Xiaolin Luo

Hydrothermal pretreatment of bamboo and cellulose degradation

A systematic hydrothermal pretreatment of bamboo chips had been conducted with an aim to trace the cellulose degradation. The results showed that cellulose chain cleavage basically occurred when the temperature exceeded 150°C. A slightly higher DP (degree of polymerization) than starting material had been observed at low temperature pretreatment. Treatment at higher temperature (≥ 170°C) caused severe cleavage of cellulose and therefore gave rise to low DP with more soluble species. DP of cellulose declined drastically without additional hemicelluloses dissolution when hemicelluloses removal reached to the limit level. Cellulose degradation under hydrothermal pretreatment generally followed the zero reaction kinetics with the activity energy of 121.0 kJ/mol. Besides, the increase of cellulose crystalline index and the conversion of Iα-Iβ had also observed at the hydrothermal pretreatment.

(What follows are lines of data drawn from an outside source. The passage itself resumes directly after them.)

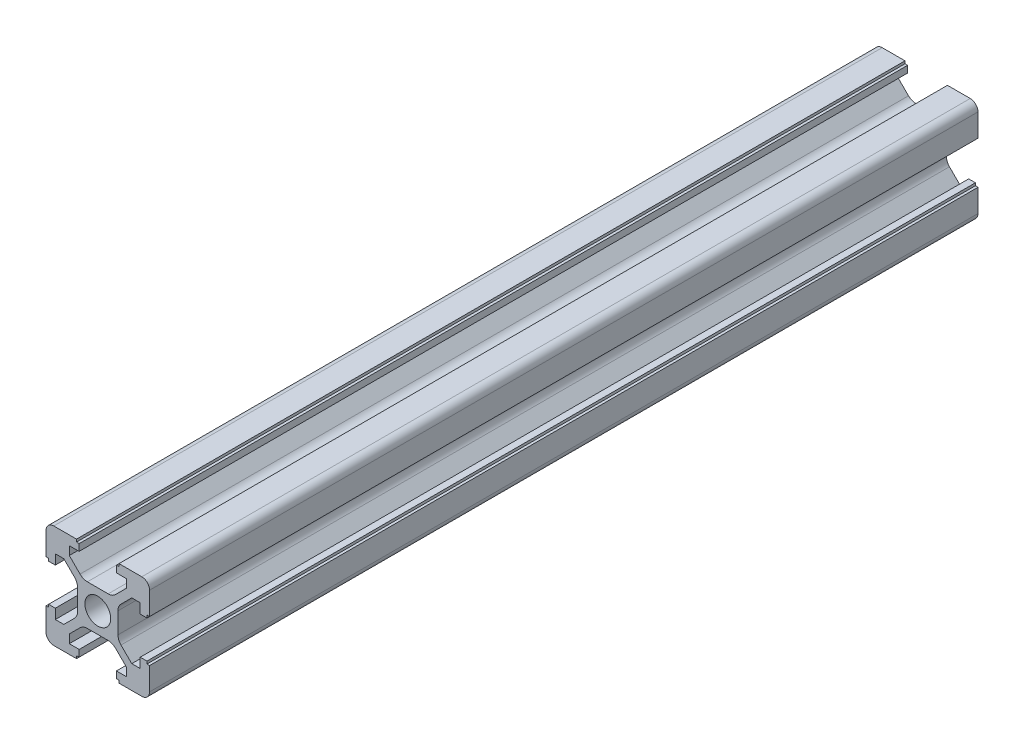
SolidWorks part; units mm, degrees
material "6063-O"
ref_plane "Front Plane" through (0, 0, 0) normal (0, 0, 1) x (1, 0, 0)
ref_plane "Top Plane" through (0, 0, 0) normal (0, 1, 0) x (1, 0, 0)
ref_plane "Right Plane" through (0, 0, 0) normal (1, 0, 0) x (0, 0, -1)
sketch "Sketch1" plane through (0, 0, 0) normal (0, 0, 1) x (1, 0, 0)
  line L0 (10, -4.1) -> (10, -8.5)
  line L1 (4.1, 10) -> (8.5, 10)
  line L2 (8.5, -10) -> (4.1, -10)
  line L3 (-8.5, -10) -> (-4.1, -10)
  line L4 (10, 8.5) -> (10, 4.1)
  line L7 (8.5, 10) -> (4.1, 10)
  line L8 (5.5, 6.5607) -> (3.4251, 4.4858)
  line L9 (8.5, 10) -> (4.1, 10)
  line L10 (3.9, 2.0109) -> (3.9, -2.0109)
  line L11 (2.0109, -3.9) -> (-2.0109, -3.9)
  line L12 (-3.9, -2.0109) -> (-3.9, 2.0109)
  line L13 (-2.0109, 3.9) -> (2.8393, 3.9)
  line L14 (2.5, 0) -> (22.2403, 0) construction
  line L15 (3.6, 9.5) -> (3.6, 8.2)
  line L16 (9.5, 3.6) -> (8.2, 3.6)
  line L17 (8.2, 3.6) -> (8.2, 5.5)
  line L18 (8.2, 5.5) -> (6.5607, 5.5)
  line L19 (10, -4.1) -> (10, -8.5)
  line L20 (4.1, 9.5) -> (3.6, 9.5)
  line L21 (4.1, 10) -> (4.1, 9.5)
  line L22 (8.5, 10) -> (4.1, 10)
  line L23 (10, 4.1) -> (9.5, 4.1)
  line L24 (9.5, 4.1) -> (9.5, 3.6)
  line L25 (5.5, 8.2) -> (5.5, 6.5607)
  line L26 (3.6, 8.2) -> (5.5, 8.2)
  line L27 (4.4858, 3.4251) -> (6.5607, 5.5)
  line L28 (10, -8.5) -> (10, -4.1)
  line L29 (6.5607, -5.5) -> (4.4858, -3.4251)
  line L30 (10, -8.5) -> (10, -4.1)
  line L31 (2.0109, -3.9) -> (-2.0109, -3.9)
  line L32 (3.9, 2.8393) -> (3.9, -2.0109)
  line L33 (9.5, -3.6) -> (8.2, -3.6)
  line L34 (3.6, -9.5) -> (3.6, -8.2)
  line L35 (3.6, -8.2) -> (5.5, -8.2)
  line L36 (5.5, -8.2) -> (5.5, -6.5607)
  line L37 (9.5, -4.1) -> (9.5, -3.6)
  line L38 (10, -4.1) -> (9.5, -4.1)
  line L39 (10, -8.5) -> (10, -4.1)
  line L40 (4.1, -10) -> (4.1, -9.5)
  line L41 (4.1, -9.5) -> (3.6, -9.5)
  line L42 (8.2, -5.5) -> (6.5607, -5.5)
  line L43 (8.2, -3.6) -> (8.2, -5.5)
  line L44 (3.4251, -4.4858) -> (5.5, -6.5607)
  line L45 (-4.1, -10) -> (-8.5, -10)
  line L46 (-10, -8.5) -> (-10, -4.1)
  line L47 (-8.5, -10) -> (-4.1, -10)
  line L48 (-5.5, -6.5607) -> (-3.4251, -4.4858)
  line L49 (-8.5, -10) -> (-4.1, -10)
  line L50 (-3.9, -2.0109) -> (-3.9, 2.0109)
  line L51 (2.0109, -3.9) -> (-2.0109, -3.9)
  line L52 (-3.6, -9.5) -> (-3.6, -8.2)
  line L53 (-9.5, -3.6) -> (-8.2, -3.6)
  line L54 (-8.2, -3.6) -> (-8.2, -5.5)
  line L55 (-8.2, -5.5) -> (-6.5607, -5.5)
  line L56 (-4.1, -9.5) -> (-3.6, -9.5)
  line L57 (-4.1, -10) -> (-4.1, -9.5)
  line L58 (-8.5, -10) -> (-4.1, -10)
  line L59 (-10, -4.1) -> (-9.5, -4.1)
  line L60 (-9.5, -4.1) -> (-9.5, -3.6)
  line L61 (-5.5, -8.2) -> (-5.5, -6.5607)
  line L62 (-3.6, -8.2) -> (-5.5, -8.2)
  line L63 (-4.4858, -3.4251) -> (-6.5607, -5.5)
  line L64 (-10, 4.1) -> (-10, 8.5)
  line L65 (-8.5, 10) -> (-4.1, 10)
  line L66 (-10, 8.5) -> (-10, 4.1)
  line L67 (-6.5607, 5.5) -> (-4.4858, 3.4251)
  line L68 (-10, 8.5) -> (-10, 4.1)
  line L69 (-2.0109, 3.9) -> (2.0109, 3.9)
  line L70 (-3.9, -2.0109) -> (-3.9, 2.0109)
  line L71 (-9.5, 3.6) -> (-8.2, 3.6)
  line L72 (-3.6, 9.5) -> (-3.6, 8.2)
  line L73 (-3.6, 8.2) -> (-5.5, 8.2)
  line L74 (-5.5, 8.2) -> (-5.5, 6.5607)
  line L75 (-9.5, 4.1) -> (-9.5, 3.6)
  line L76 (-10, 4.1) -> (-9.5, 4.1)
  line L77 (-10, 8.5) -> (-10, 4.1)
  line L78 (-4.1, 10) -> (-4.1, 9.5)
  line L79 (-4.1, 9.5) -> (-3.6, 9.5)
  line L80 (-8.2, 5.5) -> (-6.5607, 5.5)
  line L81 (-8.2, 3.6) -> (-8.2, 5.5)
  line L82 (-3.4251, 4.4858) -> (-5.5, 6.5607)
  line L83 (4.1, -10) -> (8.5, -10)
  arc A0 (2.0109, -3.9) -> (3.4251, -4.4858) centre (2.0109, -5.9) cw
  arc A1 (4.4858, -3.4251) -> (3.9, -2.0109) centre (5.9, -2.0109) cw
  arc A2 (3.9, 2.0109) -> (4.4858, 3.4251) centre (5.9, 2.0109) cw
  arc A3 (2.0109, 3.9) -> (3.4251, 4.4858) centre (2.0109, 5.9) ccw
  arc A4 (-2.0109, 3.9) -> (-3.4251, 4.4858) centre (-2.0109, 5.9) cw
  arc A5 (-4.4858, 3.4251) -> (-3.9, 2.0109) centre (-5.9, 2.0109) cw
  arc A6 (-3.4251, -4.4858) -> (-2.0109, -3.9) centre (-2.0109, -5.9) cw
  arc A7 (-3.9, -2.0109) -> (-4.4858, -3.4251) centre (-5.9, -2.0109) cw
  circle A8 centre (0, 0) radius 2.5
  arc A9 (-8.5, -10) -> (-10, -8.5) centre (-8.5, -8.5) cw
  arc A10 (-10, 8.5) -> (-8.5, 10) centre (-8.5, 8.5) cw
  arc A11 (8.5, 10) -> (10, 8.5) centre (8.5, 8.5) cw
  arc A12 (8.5, -10) -> (10, -8.5) centre (8.5, -8.5) ccw
  point P0 (0, 0)
  point P86 (0, 0)
  point P107 (10, -10)
  dimension "D3" = 2
  dimension "D5" = 5
  dimension "D2" = 1.5
  dimension "D8" = 1.5
  dimension "D6" = 4
  dimension "D7" = 6.1
  dimension "D11" = 0.5
  dimension "D12" = 0.5
extrude "Boss-Extrude2" add sketch "Sketch1" along normal blind 160

Surface characterizations of bamboo substrates treated by hot water extraction

Environment Scanning Electron Microscopy (ESEM) and X-ray photoelectron spectroscopy (XPS) were used to characterize the surface morphology and chemical changes on both the interior and exterior surface of bamboo (Dendrocalamopsis oldhami) substrates treated by hot water extraction. ESEM results showed the visible changes between exterior and interior surface of the treated substrates, in where spherical droplets did not extensively appear on both the surfaces at start of the pretreatment; nevertheless the droplets formation on the exterior surface occurred more rapidly than that of the interior surface. Results from XPS examination that the increase of C1 (C-C, C-H) concentration and decrease of O/C ratio and O1 (C=O) concentration of the samples on the both surfaces further demonstrated that both surfaces consisted of increasing amount of lignin as the extraction continued, especially for exterior surface. The O/C ratios finally reached to a level-off value with exterior surface 0.34 and interior surface 0.37.